Cyrus ergattert einen Studienplatz und verdient sich nebenbei ein wenig Geld mit Patientensimulationen an einem Krankenhaus. Tatsache ist jedoch, dass er vor allem Alkohol und Drogen konsumiert und fast schon besessen davon ist, zumindest seinem Leben einen Sinn zu geben. Er schreibt Gedichte, träumt davon, ein Buch zu schreiben …
Als Cyrus den Hinweis auf ein ungewöhnliches Kunstprojekt im Brooklyn Museum erhält, macht er sich mit seinem Freund Zee auf den Weg nach New York – wo sein Leben komplett auf den Kopf gestellt wird. Intensiv, packend und oft überraschend erzählt der Autor sowohl von Leben und Trauer, Migration und Glauben und – nicht zuletzt – von Liebe und Kunst. Sehr lesenswert!

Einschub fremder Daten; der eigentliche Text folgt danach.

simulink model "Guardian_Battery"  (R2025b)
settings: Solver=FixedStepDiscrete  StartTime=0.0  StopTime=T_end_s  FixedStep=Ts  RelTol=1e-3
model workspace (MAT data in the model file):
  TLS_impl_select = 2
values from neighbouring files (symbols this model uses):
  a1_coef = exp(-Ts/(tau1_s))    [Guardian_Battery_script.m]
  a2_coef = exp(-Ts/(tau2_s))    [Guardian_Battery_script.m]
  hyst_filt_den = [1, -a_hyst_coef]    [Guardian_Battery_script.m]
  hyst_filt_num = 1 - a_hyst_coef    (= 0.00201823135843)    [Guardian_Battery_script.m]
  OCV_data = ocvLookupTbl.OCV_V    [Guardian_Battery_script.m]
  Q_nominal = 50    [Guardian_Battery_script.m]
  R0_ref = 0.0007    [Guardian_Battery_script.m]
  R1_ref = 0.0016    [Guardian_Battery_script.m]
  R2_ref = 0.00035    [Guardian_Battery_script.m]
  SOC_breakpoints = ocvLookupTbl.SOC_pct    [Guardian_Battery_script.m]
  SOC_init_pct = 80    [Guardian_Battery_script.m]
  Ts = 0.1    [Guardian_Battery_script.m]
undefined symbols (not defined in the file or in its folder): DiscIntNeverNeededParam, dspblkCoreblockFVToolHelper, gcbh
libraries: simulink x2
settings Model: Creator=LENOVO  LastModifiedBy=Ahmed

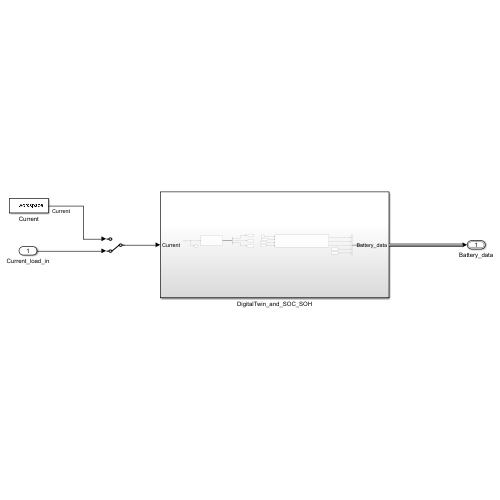
[thumbnail: Simulink's stored preview of the top-level diagram]
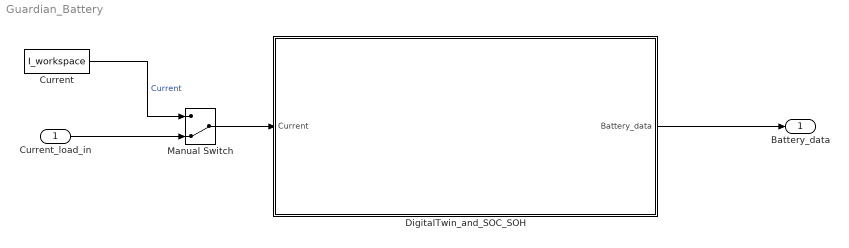
== system Guardian_Battery ==
  Current_load_in : Inport
  Current : FromWorkspace  VariableName=I_workspace
  DigitalTwin_and_SOC_SOH : Subsystem
  Manual Switch : ManualSwitch  CurrentSetting=0
  Battery_data : Outport  OutDataTypeStr=Bus: BatteryDataBus
  wires:
  DigitalTwin_and_SOC_SOH/1(Battery_data) -> Battery_data/1
  Current/1 -> Manual Switch/1  "Current"
  Manual Switch/1 -> DigitalTwin_and_SOC_SOH/1(Current)
  Current_load_in/1 -> Manual Switch/2

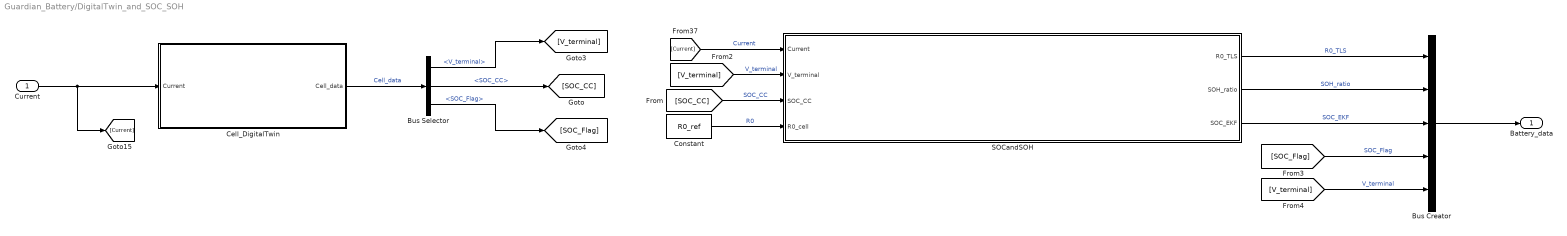
== system Guardian_Battery/DigitalTwin_and_SOC_SOH ==
  Current : Inport
  Bus Creator : BusCreator  Inputs=5  OutDataTypeStr=Bus: BatteryDataBus
  Bus Selector : BusSelector  OutputSignals=V_terminal,SOC_CC,SOC_Flag
  Cell_DigitalTwin : Subsystem
  Constant : Constant  Value=R0_ref
  SOCandSOH : Subsystem
  Battery_data : Outport  OutDataTypeStr=Bus: BatteryDataBus
  wires:
  Bus Selector/1 -> [V_terminal]  "<V_terminal>"
  Bus Selector/2 -> [SOC_CC]  "<SOC_CC>"
  Bus Selector/3 -> [SOC_Flag]  "<SOC_Flag>"
  Cell_DigitalTwin/1(Cell_data) -> Bus Selector/1  "Cell_data"
  Current/1 -> [Current], Cell_DigitalTwin/1(Current)
  [Current] -> SOCandSOH/1(Current)  "Current"
  [V_terminal] -> SOCandSOH/2(V_terminal)  "V_terminal"
  [SOC_CC] -> SOCandSOH/3(SOC_CC)  "SOC_CC"
  Constant/1 -> SOCandSOH/4(R0_cell)  "R0"
  SOCandSOH/1(R0_TLS) -> Bus Creator/1  "R0_TLS"
  SOCandSOH/2(SOH_ratio) -> Bus Creator/2  "SOH_ratio"
  SOCandSOH/3(SOC_EKF) -> Bus Creator/3  "SOC_EKF"
  [SOC_Flag] -> Bus Creator/4  "SOC_Flag"
  [V_terminal] -> Bus Creator/5  "V_terminal"
  Bus Creator/1 -> Battery_data/1

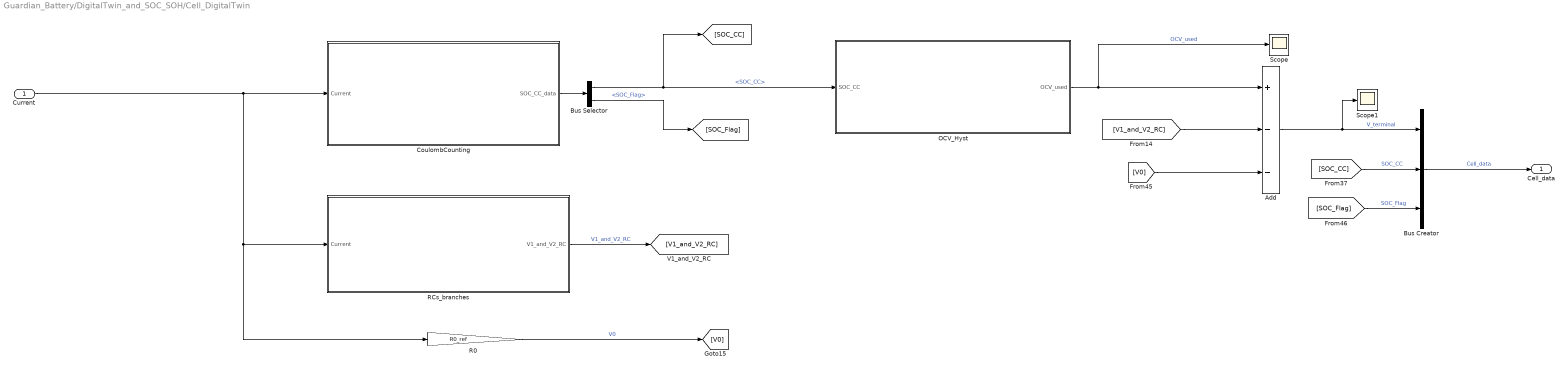
== system Guardian_Battery/DigitalTwin_and_SOC_SOH/Cell_DigitalTwin ==
  Current : Inport
  Add : Sum  Inputs=+--
  Bus Creator : BusCreator  Inputs=3
  Bus Selector : BusSelector  OutputSignals=SOC_CC,SOC_Flag
  CoulombCounting : Subsystem
  OCV_Hyst : Subsystem
  R0 : Gain  Gain=R0_ref
  RCs_branches : Subsystem
  Scope : Scope
  Scope1 : Scope
      settings: ActiveDisplayYMinimum=2.2986571776432272  ActiveDisplayYMaximum=4.2986571776432267  DataLoggingVariableName=ScopeData5
  Cell_data : Outport
  wires:
  Current/1 -> R0/1, RCs_branches/1(Current), CoulombCounting/1(Current)
  [V1_and_V2_RC] -> Add/2
  Bus Selector/2 -> [SOC_Flag]  "<SOC_Flag>"
  R0/1 -> [V0]  "V0"
  Bus Selector/1 -> [SOC_CC], OCV_Hyst/1(SOC_CC)  "<SOC_CC>"
  RCs_branches/1(V1_and_V2_RC) -> [V1_and_V2_RC]  "V1_and_V2_RC"
  OCV_Hyst/1(OCV_used) -> Scope/1, Add/1  "OCV_used"
  CoulombCounting/1(SOC_CC_data) -> Bus Selector/1
  [V0] -> Add/3
  Bus Creator/1 -> Cell_data/1  "Cell_data"
  [SOC_Flag] -> Bus Creator/3  "SOC_Flag"
  Add/1 -> Bus Creator/1, Scope1/1  "V_terminal"
  [SOC_CC] -> Bus Creator/2  "SOC_CC"

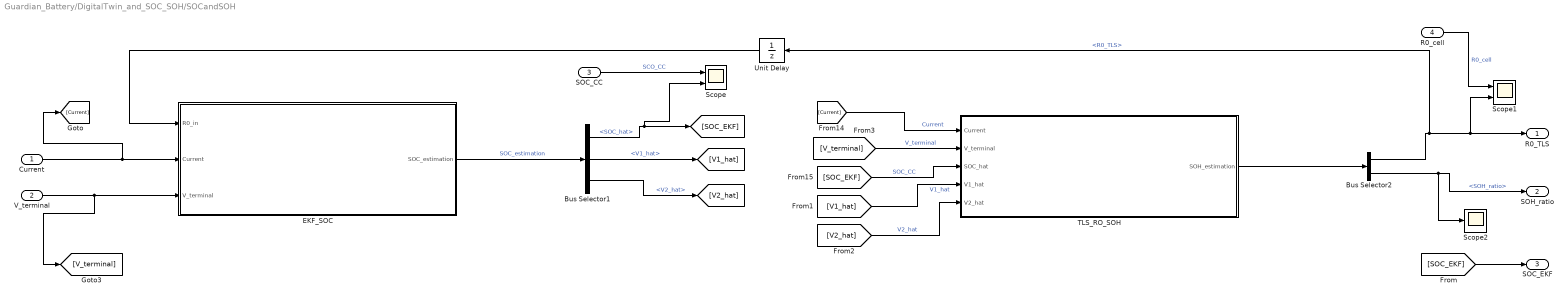
== system Guardian_Battery/DigitalTwin_and_SOC_SOH/SOCandSOH ==
  Current : Inport
  V_terminal : Inport  Port=2
  SOC_CC : Inport  Port=3
  R0_cell : Inport  Port=4
  Bus Selector1 : BusSelector  OutputSignals=SOC_hat,V1_hat,V2_hat
  Bus Selector2 : BusSelector  OutputSignals=R0_TLS,SOH_ratio
  EKF_SOC : Subsystem
  Scope : Scope  NumInputPorts=2
      settings: ActiveDisplayYMinimum=79.999123875594847  ActiveDisplayYMaximum=80.000097347156128  DataLoggingVariableName=ScopeData2
  Scope1 : Scope  NumInputPorts=2
      settings: ActiveDisplayYMinimum=0.00062720912057608426  ActiveDisplayYMaximum=0.000747148906633901  DataLoggingVariableName=ScopeData3
  Scope2 : Scope
      settings: ActiveDisplayYMinimum=93.43135778003041  ActiveDisplayYMaximum=111.29802568328962  DataLoggingVariableName=ScopeData4
  TLS_RO_SOH : Subsystem
  Unit Delay : UnitDelay  SampleTime=-1  HasFrameUpgradeWarning=on
  R0_TLS : Outport
  SOH_ratio : Outport  Port=2
  SOC_EKF : Outport  Port=3
  wires:
  [V_terminal] -> TLS_RO_SOH/2(V_terminal)  "V_terminal"
  TLS_RO_SOH/1(SOH_estimation) -> Bus Selector2/1
  [SOC_EKF] -> TLS_RO_SOH/3(SOC_hat)  "SOC_CC"
  Bus Selector1/2 -> [V1_hat]  "<V1_hat>"
  Bus Selector2/2 -> Scope2/1, SOH_ratio/1  "<SOH_ratio>"
  Bus Selector2/1 -> Scope1/2, R0_TLS/1, Unit Delay/1  "<R0_TLS>"
  Bus Selector1/1 -> Scope/2, [SOC_EKF]  "<SOC_hat>"
  EKF_SOC/1(SOC_estimation) -> Bus Selector1/1  "SOC_estimation"
  [Current] -> TLS_RO_SOH/1(Current)  "Current"
  V_terminal/1 -> [V_terminal], EKF_SOC/3(V_terminal)
  Current/1 -> [Current], EKF_SOC/2(Current)
  Bus Selector1/3 -> [V2_hat]  "<V2_hat>"
  [V1_hat] -> TLS_RO_SOH/4(V1_hat)  "V1_hat"
  [V2_hat] -> TLS_RO_SOH/5(V2_hat)  "V2_hat"
  Unit Delay/1 -> EKF_SOC/1(R0_in)
  SOC_CC/1 -> Scope/1  "SCO_CC"
  [SOC_EKF] -> SOC_EKF/1
  R0_cell/1 -> Scope1/1  "R0_cell"

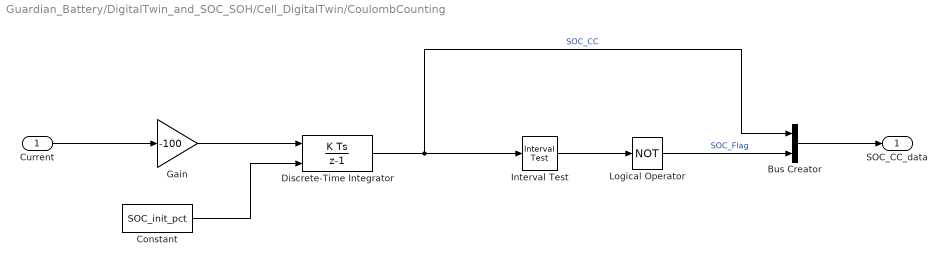
== system Guardian_Battery/DigitalTwin_and_SOC_SOH/Cell_DigitalTwin/CoulombCounting ==
  Current : Inport
  Bus Creator : BusCreator  Inputs=2
  Constant : Constant  Value=SOC_init_pct
  Discrete-Time Integrator : DiscreteIntegrator  gainval=1/(Q_nominal*3600)  InitialConditionSource=external  InitialCondition=80  SampleTime=Ts  LimitOutput=on  UpperSaturationLimit=90  LowerSaturationLimit=10  ICPrevOutput=DiscIntNeverNeededParam  ICPrevScaledInput=DiscIntNeverNeededParam
  Gain : Gain  Gain=-100
  Interval Test : simulink/Logic and Bit Operations/Interval Test  IntervalClosedRight=off  uplimit=90  IntervalClosedLeft=off  lowlimit=10  OutDataTypeStr=boolean
  Logical Operator : Logic  Operator=NOT  AllPortsSameDT=off  OutDataTypeStr=boolean
  SOC_CC_data : Outport
  wires:
  Current/1 -> Gain/1
  Gain/1 -> Discrete-Time Integrator/1
  Discrete-Time Integrator/1 -> Interval Test/1, Bus Creator/1  "SOC_CC"
  Logical Operator/1 -> Bus Creator/2  "SOC_Flag"
  Bus Creator/1 -> SOC_CC_data/1
  Constant/1 -> Discrete-Time Integrator/2
  Interval Test/1 -> Logical Operator/1

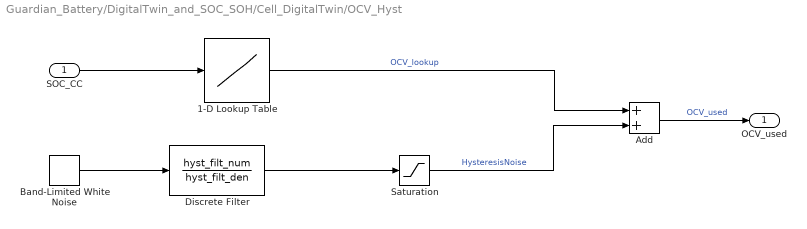
== system Guardian_Battery/DigitalTwin_and_SOC_SOH/Cell_DigitalTwin/OCV_Hyst ==
  SOC_CC : Inport
  1-D Lookup Table : Lookup_n-D  NumberOfTableDimensions=1  BreakpointsForDimension1=SOC_breakpoints  Table=OCV_data  ExtrapMethod=Clip  InternalRulePriority=Speed  RndMeth=Simplest
  Add : Sum
  Band-Limited White Noise : simulink/Sources/Band-Limited White Noise  Cov=[1e-4]  Ts=Ts  seed=[23341]
  Discrete Filter : DiscreteFilter  LoadFcn=dspblkCoreblockFVToolHelper(gcbh,'load');  Numerator=hyst_filt_num  Denominator=hyst_filt_den
      settings: CopyFcn=dspblkCoreblockFVToolHelper(gcbh,'copy');  DeleteFcn=dspblkCoreblockFVToolHelper(gcbh,'close');  ModelCloseFcn=dspblkCoreblockFVToolHelper(gcbh,'close');  PreSaveFcn=dspblkCoreblockFVToolHelper(gcbh,'presave');  PostSaveFcn=dspblkCoreblockFVToolHelper(gcbh,'postsave');  CloseFcn=dspblkCoreblockFVToolHelper(gcbh,'close');
  Saturation : Saturate  UpperLimit=0.005  LowerLimit=-0.005
  OCV_used : Outport
  wires:
  SOC_CC/1 -> 1-D Lookup Table/1
  1-D Lookup Table/1 -> Add/1  "OCV_lookup"
  Band-Limited White Noise/1 -> Discrete Filter/1
  Discrete Filter/1 -> Saturation/1
  Saturation/1 -> Add/2  "HysteresisNoise"
  Add/1 -> OCV_used/1  "OCV_used"

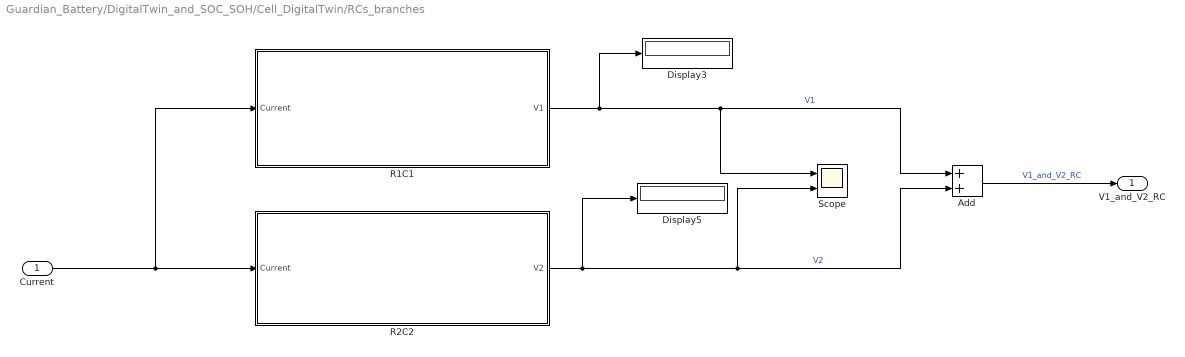
== system Guardian_Battery/DigitalTwin_and_SOC_SOH/Cell_DigitalTwin/RCs_branches ==
  Current : Inport
  Add : Sum
  Display3 : Display
  Display5 : Display
  R1C1 : Subsystem
  R2C2 : Subsystem
  Scope : Scope  NumInputPorts=2
  V1_and_V2_RC : Outport
  wires:
  Current/1 -> R2C2/1(Current), R1C1/1(Current)
  R1C1/1(V1) -> Add/1, Scope/1, Display3/1  "V1"
  R2C2/1(V2) -> Add/2, Scope/2, Display5/1  "V2"
  Add/1 -> V1_and_V2_RC/1  "V1_and_V2_RC"

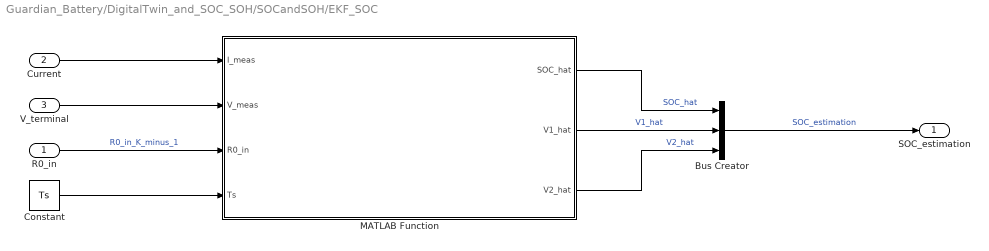
== system Guardian_Battery/DigitalTwin_and_SOC_SOH/SOCandSOH/EKF_SOC ==
  R0_in : Inport
  Current : Inport  Port=2
  V_terminal : Inport  Port=3
  Bus Creator : BusCreator  Inputs=3
  Constant : Constant  Value=Ts
  MATLAB Function : MATLAB Function  TreatAsAtomicUnit=on
  SOC_estimation : Outport
  wires:
  Current/1 -> MATLAB Function/1(I_meas)
  V_terminal/1 -> MATLAB Function/2(V_meas)
  Constant/1 -> MATLAB Function/4(Ts)
  MATLAB Function/1(SOC_hat) -> Bus Creator/1  "SOC_hat"
  MATLAB Function/2(V1_hat) -> Bus Creator/2  "V1_hat"
  Bus Creator/1 -> SOC_estimation/1  "SOC_estimation"
  MATLAB Function/3(V2_hat) -> Bus Creator/3  "V2_hat"
  R0_in/1 -> MATLAB Function/3(R0_in)  "R0_in_K_minus_1"

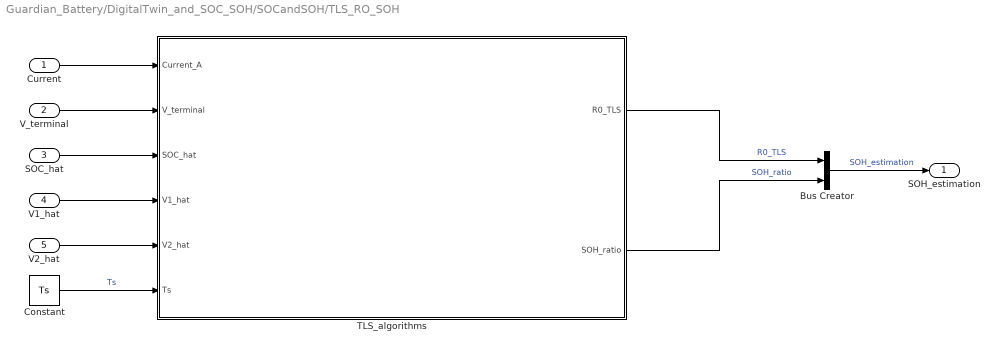
== system Guardian_Battery/DigitalTwin_and_SOC_SOH/SOCandSOH/TLS_RO_SOH ==
  Current : Inport
  V_terminal : Inport  Port=2
  SOC_hat : Inport  Port=3
  V1_hat : Inport  Port=4
  V2_hat : Inport  Port=5
  Bus Creator : BusCreator  Inputs=2
  Constant : Constant  Value=Ts
  TLS_algorithms : Subsystem  Variant=on  EmptyChoice=on
  SOH_estimation : Outport
  wires:
  Bus Creator/1 -> SOH_estimation/1  "SOH_estimation"
  Current/1 -> TLS_algorithms/1(Current_A)
  V_terminal/1 -> TLS_algorithms/2(V_terminal)
  SOC_hat/1 -> TLS_algorithms/3(SOC_hat)
  V1_hat/1 -> TLS_algorithms/4(V1_hat)
  V2_hat/1 -> TLS_algorithms/5(V2_hat)
  Constant/1 -> TLS_algorithms/6(Ts)  "Ts"
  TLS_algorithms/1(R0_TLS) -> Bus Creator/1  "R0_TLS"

Suhrkamp 2025 / Geb. / 90 Seiten / 20 € Eine Empfehlung von Lukas Becker
„Weiter nach Osten“ ist ein leiser, dabei kraftvoller Roman über zwei Menschen, die sich begegnen – irgendwo zwischen Fremde, Flucht und der flirrenden Bewegung einer Reise, die keiner von beiden ganz versteht. An Bord der Transsibirischen Eisenbahn treffen sich Aljoscha, ein junger russischer Zwangsrekrut mit dem festen Willen zu desertieren, und Hélène, eine Französin, unterwegs in einem Land, das ihr fremd ist, aus Gründen, die sie nicht teilt.
Sie sprechen nicht dieselbe Sprache. Und doch entsteht in den schmalen Gängen zwischen Schlafwagen und Nachtlicht etwas wie Verstehen – eine vorsichtige Nähe, eine wortlose Übereinkunft. Hélène nimmt Aljoscha mit in ihr Abteil, in ihre Geschichte, vielleicht auch in ihre Einsamkeit. Was daraus wird, bleibt offen: Flucht? Vertrauen? Oder nur ein Augenblick der Menschlichkeit inmitten der Ungewissheit?
Maylis de Kerangal erzählt mit großer Sensibilität – knapp, aber nie kalt, zart, aber nie sentimental. Sie verdichtet Landschaft, Atmosphäre und Zeit zu einer Bewegung, die mehr innere als äußere Strecke zurücklegt. Die Weite Russlands, das Rattern des Zuges, die flüchtigen Begegnungen im Transitraum: All das wird zum Spiegel innerer Zustände, zur Kulisse einer Verbindung, die zugleich zufällig und unvermeidlich wirkt.